Im Tal aber ist die Narwa über Nacht so stark angestiegen, dass der auf einer Flussinsel liegende Stadtstrand samt Brücke in den Fluten verschwunden ist. Ob das „nur“ Hochwasser oder wieder eine russische Provokation ist? Am anderen Ufer liegt die Stadt Iwangorod, auf der gleichnamigen Festung weht weithin sichtbar die russische Flagge. Die Behörden dort haben die Verfügungsgewalt über das Wasserkraftwerk am oberen Flusslauf und über Nacht offensichtlich die Schleusen geöffnet.
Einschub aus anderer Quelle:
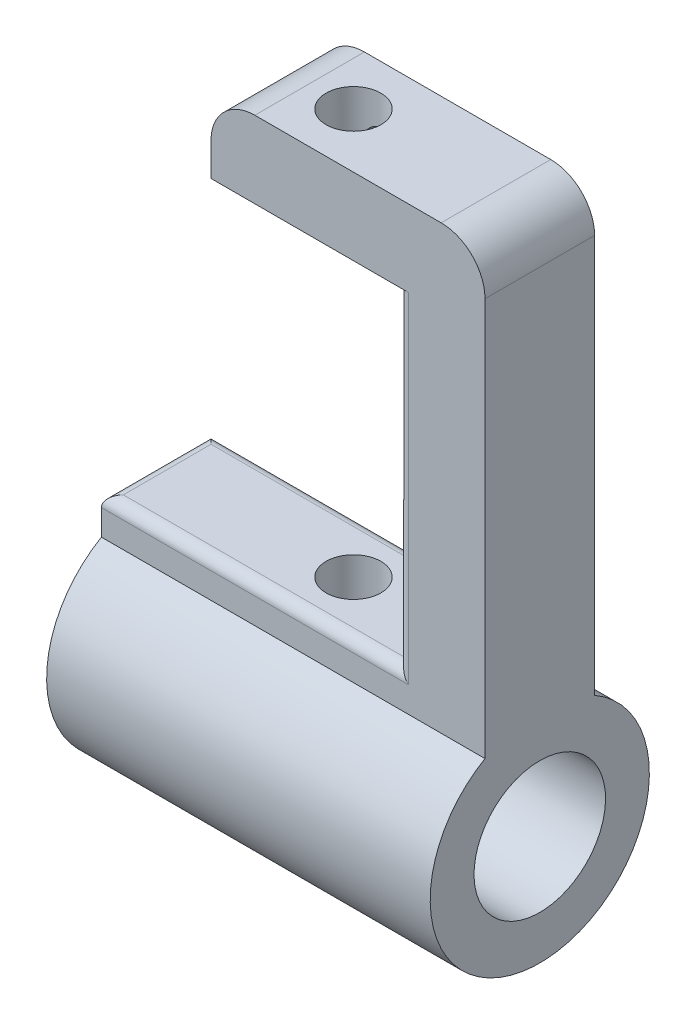
ISO-10303-21;
HEADER;
FILE_DESCRIPTION(('STEP AP214'),'2;1');
FILE_NAME('part.step','',(''),(''),'','','');
FILE_SCHEMA(('AUTOMOTIVE_DESIGN { 1 0 10303 214 1 1 1 1 }'));
ENDSEC;
DATA;
#1=APPLICATION_CONTEXT('core data for automotive mechanical design processes');
#2=APPLICATION_PROTOCOL_DEFINITION('international standard','automotive_design',2000,#1);
#3=PRODUCT_CONTEXT('',#1,'mechanical');
#4=PRODUCT('Part','Part','',(#3));
#5=PRODUCT_RELATED_PRODUCT_CATEGORY('part','',(#4));
#6=PRODUCT_DEFINITION_FORMATION('','',#4);
#7=PRODUCT_DEFINITION_CONTEXT('part definition',#1,'design');
#8=PRODUCT_DEFINITION('design','',#6,#7);
#9=PRODUCT_DEFINITION_SHAPE('','',#8);
#10=(LENGTH_UNIT() NAMED_UNIT(*) SI_UNIT(.MILLI.,.METRE.));
#11=(NAMED_UNIT(*) PLANE_ANGLE_UNIT() SI_UNIT($,.RADIAN.));
#12=(NAMED_UNIT(*) SI_UNIT($,.STERADIAN.) SOLID_ANGLE_UNIT());
#13=UNCERTAINTY_MEASURE_WITH_UNIT(LENGTH_MEASURE(1.E-05),#10,'distance_accuracy_value','');
#14=(GEOMETRIC_REPRESENTATION_CONTEXT(3) GLOBAL_UNCERTAINTY_ASSIGNED_CONTEXT((#13)) GLOBAL_UNIT_ASSIGNED_CONTEXT((#10,
#11,#12)) REPRESENTATION_CONTEXT('',''));
#15=CARTESIAN_POINT('',(0.,0.,0.));
#16=DIRECTION('',(0.,0.,1.));
#17=DIRECTION('',(1.,0.,0.));
#18=AXIS2_PLACEMENT_3D('',#15,#16,#17);
#19=CARTESIAN_POINT('',(-4.,41.,-10.));
#20=DIRECTION('',(0.,0.,1.));
#21=DIRECTION('',(-1.,0.,0.));
#22=AXIS2_PLACEMENT_3D('',#19,#20,#21);
#23=CYLINDRICAL_SURFACE('',#22,4.);
#24=CARTESIAN_POINT('',(-4.,41.,0.));
#25=DIRECTION('',(0.,0.,1.));
#26=DIRECTION('',(-1.,0.,0.));
#27=AXIS2_PLACEMENT_3D('',#24,#25,#26);
#28=CIRCLE('',#27,4.);
#29=CARTESIAN_POINT('',(0.,41.,0.));
#30=VERTEX_POINT('',#29);
#31=CARTESIAN_POINT('',(-4.,45.,0.));
#32=VERTEX_POINT('',#31);
#33=EDGE_CURVE('E335',#30,#32,#28,.T.);
#34=ORIENTED_EDGE('',*,*,#33,.F.);
#35=DIRECTION('',(0.,0.,1.));
#36=VECTOR('',#35,1.);
#37=CARTESIAN_POINT('',(0.,41.,-10.));
#38=LINE('',#37,#36);
#39=CARTESIAN_POINT('',(0.,41.,-10.));
#40=VERTEX_POINT('',#39);
#41=EDGE_CURVE('E296',#40,#30,#38,.T.);
#42=ORIENTED_EDGE('',*,*,#41,.F.);
#43=CARTESIAN_POINT('',(-4.,41.,-10.));
#44=DIRECTION('',(0.,0.,1.));
#45=DIRECTION('',(-1.,0.,0.));
#46=AXIS2_PLACEMENT_3D('',#43,#44,#45);
#47=CIRCLE('',#46,4.);
#48=CARTESIAN_POINT('',(-4.,45.,-10.));
#49=VERTEX_POINT('',#48);
#50=EDGE_CURVE('E354',#40,#49,#47,.T.);
#51=ORIENTED_EDGE('',*,*,#50,.T.);
#52=DIRECTION('',(0.,0.,1.));
#53=VECTOR('',#52,1.);
#54=CARTESIAN_POINT('',(-4.,45.,-10.));
#55=LINE('',#54,#53);
#56=EDGE_CURVE('E313',#49,#32,#55,.T.);
#57=ORIENTED_EDGE('',*,*,#56,.T.);
#58=EDGE_LOOP('',(#34,#42,#51,#57));
#59=FACE_BOUND('',#58,.T.);
#60=ADVANCED_FACE('F45',(#59),#23,.T.);
#61=CARTESIAN_POINT('',(-21.,45.,-10.));
#62=DIRECTION('',(0.,-1.,0.));
#63=DIRECTION('',(0.,0.,1.));
#64=AXIS2_PLACEMENT_3D('',#61,#62,#63);
#65=PLANE('',#64);
#66=CARTESIAN_POINT('',(-17.,45.,-5.00000000000001));
#67=DIRECTION('',(0.,-1.,0.));
#68=DIRECTION('',(0.,0.,-1.));
#69=AXIS2_PLACEMENT_3D('',#66,#67,#68);
#70=CIRCLE('',#69,2.5);
#71=CARTESIAN_POINT('',(-17.,45.,-7.50000000000001));
#72=VERTEX_POINT('',#71);
#73=EDGE_CURVE('E254',#72,#72,#70,.T.);
#74=ORIENTED_EDGE('',*,*,#73,.T.);
#75=EDGE_LOOP('',(#74));
#76=FACE_BOUND('',#75,.T.);
#77=DIRECTION('',(-1.,0.,0.));
#78=VECTOR('',#77,1.);
#79=CARTESIAN_POINT('',(-21.,45.,0.));
#80=LINE('',#79,#78);
#81=CARTESIAN_POINT('',(-21.,45.,0.));
#82=VERTEX_POINT('',#81);
#83=EDGE_CURVE('E338',#32,#82,#80,.T.);
#84=ORIENTED_EDGE('',*,*,#83,.F.);
#85=ORIENTED_EDGE('',*,*,#56,.F.);
#86=DIRECTION('',(-1.,0.,0.));
#87=VECTOR('',#86,1.);
#88=CARTESIAN_POINT('',(-21.,45.,-10.));
#89=LINE('',#88,#87);
#90=CARTESIAN_POINT('',(-21.,45.,-10.));
#91=VERTEX_POINT('',#90);
#92=EDGE_CURVE('E357',#49,#91,#89,.T.);
#93=ORIENTED_EDGE('',*,*,#92,.T.);
#94=DIRECTION('',(0.,0.,1.));
#95=VECTOR('',#94,1.);
#96=CARTESIAN_POINT('',(-21.,45.,-10.));
#97=LINE('',#96,#95);
#98=EDGE_CURVE('E310',#91,#82,#97,.T.);
#99=ORIENTED_EDGE('',*,*,#98,.T.);
#100=EDGE_LOOP('',(#84,#85,#93,#99));
#101=FACE_BOUND('',#100,.T.);
#102=ADVANCED_FACE('F224',(#76,#101),#65,.F.);
#103=CARTESIAN_POINT('',(-21.,41.,-10.));
#104=DIRECTION('',(0.,0.,1.));
#105=DIRECTION('',(-1.,0.,0.));
#106=AXIS2_PLACEMENT_3D('',#103,#104,#105);
#107=CYLINDRICAL_SURFACE('',#106,4.);
#108=CARTESIAN_POINT('',(-21.,41.,0.));
#109=DIRECTION('',(0.,0.,1.));
#110=DIRECTION('',(1.,0.,0.));
#111=AXIS2_PLACEMENT_3D('',#108,#109,#110);
#112=CIRCLE('',#111,4.);
#113=CARTESIAN_POINT('',(-25.,41.,0.));
#114=VERTEX_POINT('',#113);
#115=EDGE_CURVE('E342',#82,#114,#112,.T.);
#116=ORIENTED_EDGE('',*,*,#115,.F.);
#117=ORIENTED_EDGE('',*,*,#98,.F.);
#118=CARTESIAN_POINT('',(-21.,41.,-10.));
#119=DIRECTION('',(0.,0.,1.));
#120=DIRECTION('',(1.,0.,0.));
#121=AXIS2_PLACEMENT_3D('',#118,#119,#120);
#122=CIRCLE('',#121,4.);
#123=CARTESIAN_POINT('',(-25.,41.,-10.));
#124=VERTEX_POINT('',#123);
#125=EDGE_CURVE('E330',#91,#124,#122,.T.);
#126=ORIENTED_EDGE('',*,*,#125,.T.);
#127=DIRECTION('',(0.,0.,1.));
#128=VECTOR('',#127,1.);
#129=CARTESIAN_POINT('',(-25.,41.,-10.));
#130=LINE('',#129,#128);
#131=EDGE_CURVE('E307',#124,#114,#130,.T.);
#132=ORIENTED_EDGE('',*,*,#131,.T.);
#133=EDGE_LOOP('',(#116,#117,#126,#132));
#134=FACE_BOUND('',#133,.T.);
#135=ADVANCED_FACE('F220',(#134),#107,.T.);
#136=CARTESIAN_POINT('',(-25.,38.,-10.));
#137=DIRECTION('',(1.,0.,0.));
#138=DIRECTION('',(0.,0.,1.));
#139=AXIS2_PLACEMENT_3D('',#136,#137,#138);
#140=PLANE('',#139);
#141=DIRECTION('',(0.,-1.,0.));
#142=VECTOR('',#141,1.);
#143=CARTESIAN_POINT('',(-25.,38.,0.));
#144=LINE('',#143,#142);
#145=CARTESIAN_POINT('',(-25.,38.,0.));
#146=VERTEX_POINT('',#145);
#147=EDGE_CURVE('E345',#114,#146,#144,.T.);
#148=ORIENTED_EDGE('',*,*,#147,.F.);
#149=ORIENTED_EDGE('',*,*,#131,.F.);
#150=DIRECTION('',(0.,-1.,0.));
#151=VECTOR('',#150,1.);
#152=CARTESIAN_POINT('',(-25.,38.,-10.));
#153=LINE('',#152,#151);
#154=CARTESIAN_POINT('',(-25.,38.,-10.));
#155=VERTEX_POINT('',#154);
#156=EDGE_CURVE('E327',#124,#155,#153,.T.);
#157=ORIENTED_EDGE('',*,*,#156,.T.);
#158=DIRECTION('',(0.,0.,1.));
#159=VECTOR('',#158,1.);
#160=CARTESIAN_POINT('',(-25.,38.,-10.));
#161=LINE('',#160,#159);
#162=EDGE_CURVE('E298',#155,#146,#161,.T.);
#163=ORIENTED_EDGE('',*,*,#162,.T.);
#164=EDGE_LOOP('',(#148,#149,#157,#163));
#165=FACE_BOUND('',#164,.T.);
#166=ADVANCED_FACE('F216',(#165),#140,.F.);
#167=CARTESIAN_POINT('',(-8.,38.,-10.));
#168=DIRECTION('',(0.,1.,0.));
#169=DIRECTION('',(-1.,0.,0.));
#170=AXIS2_PLACEMENT_3D('',#167,#168,#169);
#171=PLANE('',#170);
#172=CARTESIAN_POINT('',(-17.,38.,-5.00000000000001));
#173=DIRECTION('',(0.,-1.,0.));
#174=DIRECTION('',(-1.,0.,0.));
#175=AXIS2_PLACEMENT_3D('',#172,#173,#174);
#176=CIRCLE('',#175,2.5);
#177=CARTESIAN_POINT('',(-19.5,38.,-5.00000000000001));
#178=VERTEX_POINT('',#177);
#179=EDGE_CURVE('E321',#178,#178,#176,.T.);
#180=ORIENTED_EDGE('',*,*,#179,.F.);
#181=EDGE_LOOP('',(#180));
#182=FACE_BOUND('',#181,.T.);
#183=DIRECTION('',(1.,0.,0.));
#184=VECTOR('',#183,1.);
#185=CARTESIAN_POINT('',(-8.,38.,0.));
#186=LINE('',#185,#184);
#187=CARTESIAN_POINT('',(-7.,38.,0.));
#188=VERTEX_POINT('',#187);
#189=EDGE_CURVE('E348',#146,#188,#186,.T.);
#190=ORIENTED_EDGE('',*,*,#189,.F.);
#191=ORIENTED_EDGE('',*,*,#162,.F.);
#192=DIRECTION('',(1.,0.,0.));
#193=VECTOR('',#192,1.);
#194=CARTESIAN_POINT('',(-8.,38.,-10.));
#195=LINE('',#194,#193);
#196=CARTESIAN_POINT('',(-7.,38.,-10.));
#197=VERTEX_POINT('',#196);
#198=EDGE_CURVE('E325',#155,#197,#195,.T.);
#199=ORIENTED_EDGE('',*,*,#198,.T.);
#200=CARTESIAN_POINT('',(-7.,38.,-9.));
#201=DIRECTION('',(0.,-1.,0.));
#202=DIRECTION('',(-1.,0.,0.));
#203=AXIS2_PLACEMENT_3D('',#200,#201,#202);
#204=CIRCLE('',#203,1.);
#205=CARTESIAN_POINT('',(-8.,38.,-9.));
#206=VERTEX_POINT('',#205);
#207=EDGE_CURVE('E11',#206,#197,#204,.T.);
#208=ORIENTED_EDGE('',*,*,#207,.F.);
#209=DIRECTION('',(0.,0.,1.));
#210=VECTOR('',#209,1.);
#211=CARTESIAN_POINT('',(-8.,38.,-10.));
#212=LINE('',#211,#210);
#213=CARTESIAN_POINT('',(-8.,38.,-0.999999999999999));
#214=VERTEX_POINT('',#213);
#215=EDGE_CURVE('E295',#206,#214,#212,.T.);
#216=ORIENTED_EDGE('',*,*,#215,.T.);
#217=CARTESIAN_POINT('',(-7.,38.,-0.999999999999999));
#218=DIRECTION('',(0.,-1.,0.));
#219=DIRECTION('',(-1.,0.,0.));
#220=AXIS2_PLACEMENT_3D('',#217,#218,#219);
#221=CIRCLE('',#220,1.);
#222=EDGE_CURVE('E59',#188,#214,#221,.T.);
#223=ORIENTED_EDGE('',*,*,#222,.F.);
#224=EDGE_LOOP('',(#190,#191,#199,#208,#216,#223));
#225=FACE_BOUND('',#224,.T.);
#226=ADVANCED_FACE('F212',(#182,#225),#171,.F.);
#227=CARTESIAN_POINT('',(-8.,7.99999999999998,-10.));
#228=DIRECTION('',(1.,0.,0.));
#229=DIRECTION('',(0.,1.,0.));
#230=AXIS2_PLACEMENT_3D('',#227,#228,#229);
#231=PLANE('',#230);
#232=ORIENTED_EDGE('',*,*,#215,.F.);
#233=DIRECTION('',(0.,-1.,0.));
#234=VECTOR('',#233,1.);
#235=CARTESIAN_POINT('',(-8.,7.99999999999998,-9.));
#236=LINE('',#235,#234);
#237=CARTESIAN_POINT('',(-8.,7.99999999999998,-9.));
#238=VERTEX_POINT('',#237);
#239=EDGE_CURVE('E293',#238,#206,#236,.F.);
#240=ORIENTED_EDGE('',*,*,#239,.F.);
#241=DIRECTION('',(0.,0.,1.));
#242=VECTOR('',#241,1.);
#243=CARTESIAN_POINT('',(-8.,7.99999999999998,-10.));
#244=LINE('',#243,#242);
#245=CARTESIAN_POINT('',(-8.,7.99999999999998,-0.999999999999999));
#246=VERTEX_POINT('',#245);
#247=EDGE_CURVE('E287',#238,#246,#244,.T.);
#248=ORIENTED_EDGE('',*,*,#247,.T.);
#249=DIRECTION('',(0.,-1.,0.));
#250=VECTOR('',#249,1.);
#251=CARTESIAN_POINT('',(-8.,7.99999999999998,-0.999999999999999));
#252=LINE('',#251,#250);
#253=EDGE_CURVE('E289',#214,#246,#252,.T.);
#254=ORIENTED_EDGE('',*,*,#253,.F.);
#255=EDGE_LOOP('',(#232,#240,#248,#254));
#256=FACE_BOUND('',#255,.T.);
#257=ADVANCED_FACE('F208',(#256),#231,.F.);
#258=CARTESIAN_POINT('',(-35.,7.99999999999998,-10.));
#259=DIRECTION('',(0.,-1.,0.));
#260=DIRECTION('',(0.,0.,1.));
#261=AXIS2_PLACEMENT_3D('',#258,#259,#260);
#262=PLANE('',#261);
#263=ORIENTED_EDGE('',*,*,#247,.F.);
#264=DIRECTION('',(-1.,0.,0.));
#265=VECTOR('',#264,1.);
#266=CARTESIAN_POINT('',(-35.,7.99999999999998,-9.));
#267=LINE('',#266,#265);
#268=CARTESIAN_POINT('',(-34.,7.99999999999998,-9.));
#269=VERTEX_POINT('',#268);
#270=EDGE_CURVE('E252',#269,#238,#267,.F.);
#271=ORIENTED_EDGE('',*,*,#270,.F.);
#272=DIRECTION('',(0.,0.,1.));
#273=VECTOR('',#272,1.);
#274=CARTESIAN_POINT('',(-34.,7.99999999999998,-10.));
#275=LINE('',#274,#273);
#276=CARTESIAN_POINT('',(-34.,7.99999999999998,-0.999999999999999));
#277=VERTEX_POINT('',#276);
#278=EDGE_CURVE('E259',#277,#269,#275,.F.);
#279=ORIENTED_EDGE('',*,*,#278,.F.);
#280=DIRECTION('',(-1.,0.,0.));
#281=VECTOR('',#280,1.);
#282=CARTESIAN_POINT('',(-35.,7.99999999999998,-0.999999999999999));
#283=LINE('',#282,#281);
#284=EDGE_CURVE('E272',#246,#277,#283,.T.);
#285=ORIENTED_EDGE('',*,*,#284,.F.);
#286=EDGE_LOOP('',(#263,#271,#279,#285));
#287=FACE_BOUND('',#286,.T.);
#288=CARTESIAN_POINT('',(-17.,7.99999999999998,-5.00000000000001));
#289=DIRECTION('',(0.,1.,0.));
#290=DIRECTION('',(0.,0.,1.));
#291=AXIS2_PLACEMENT_3D('',#288,#289,#290);
#292=CIRCLE('',#291,2.5);
#293=CARTESIAN_POINT('',(-17.,7.99999999999998,-2.50000000000001));
#294=VERTEX_POINT('',#293);
#295=EDGE_CURVE('E318',#294,#294,#292,.T.);
#296=ORIENTED_EDGE('',*,*,#295,.F.);
#297=EDGE_LOOP('',(#296));
#298=FACE_BOUND('',#297,.T.);
#299=ADVANCED_FACE('F204',(#287,#298),#262,.F.);
#300=CARTESIAN_POINT('',(-35.,0.,-10.));
#301=DIRECTION('',(1.,0.,0.));
#302=DIRECTION('',(0.,0.,1.));
#303=AXIS2_PLACEMENT_3D('',#300,#301,#302);
#304=PLANE('',#303);
#305=CARTESIAN_POINT('',(-35.,-4.00000000000001,-5.));
#306=DIRECTION('',(-1.,0.,0.));
#307=DIRECTION('',(0.,1.,0.));
#308=AXIS2_PLACEMENT_3D('',#305,#306,#307);
#309=CIRCLE('',#308,6.);
#310=CARTESIAN_POINT('',(-35.,1.99999999999999,-5.));
#311=VERTEX_POINT('',#310);
#312=EDGE_CURVE('E382',#311,#311,#309,.T.);
#313=ORIENTED_EDGE('',*,*,#312,.F.);
#314=EDGE_LOOP('',(#313));
#315=FACE_BOUND('',#314,.T.);
#316=DIRECTION('',(0.,-1.,0.));
#317=VECTOR('',#316,1.);
#318=CARTESIAN_POINT('',(-35.,0.,-10.));
#319=LINE('',#318,#317);
#320=CARTESIAN_POINT('',(-35.,6.99999999999998,-10.));
#321=VERTEX_POINT('',#320);
#322=CARTESIAN_POINT('',(-35.,4.66025403784439,-10.));
#323=VERTEX_POINT('',#322);
#324=EDGE_CURVE('E263',#321,#323,#319,.T.);
#325=ORIENTED_EDGE('',*,*,#324,.T.);
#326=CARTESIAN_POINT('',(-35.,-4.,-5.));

Später stellt sich heraus, dass die russische Seite Narwas Stadtverwaltung zwar unmittelbar vor der Öffnung informiert hat. Doch es war zu spät, um noch Vorkehrungen zu treffen. Jetzt hat die Polizei den Bereich abgesperrt. Heute wird es keinen Badetag geben, weder für die Schulkinder, die in Estland drei Monate Sommerferien haben, noch für Touristen, von denen immer mehr hierherkämen, wie Raik zuvor erzählt hatte. Ihre Stadt, die größte russischsprachige und östlichste der EU, sei für viele zu einem Besuchsziel geworden. Erst recht, seit sie in Szenarien als Ort genannt wird, an dem Wladimir Putin die NATO testen könnte. Unter dem Vorwand, russischsprachige Bürger zu schützen, könnte er Narwa besetzen und dann abwarten, ob die Mitgliedstaaten der NATO überhaupt bereit wären, „wegen so einer kleinen Stadt“ einen Konflikt mit Moskau zu riskieren.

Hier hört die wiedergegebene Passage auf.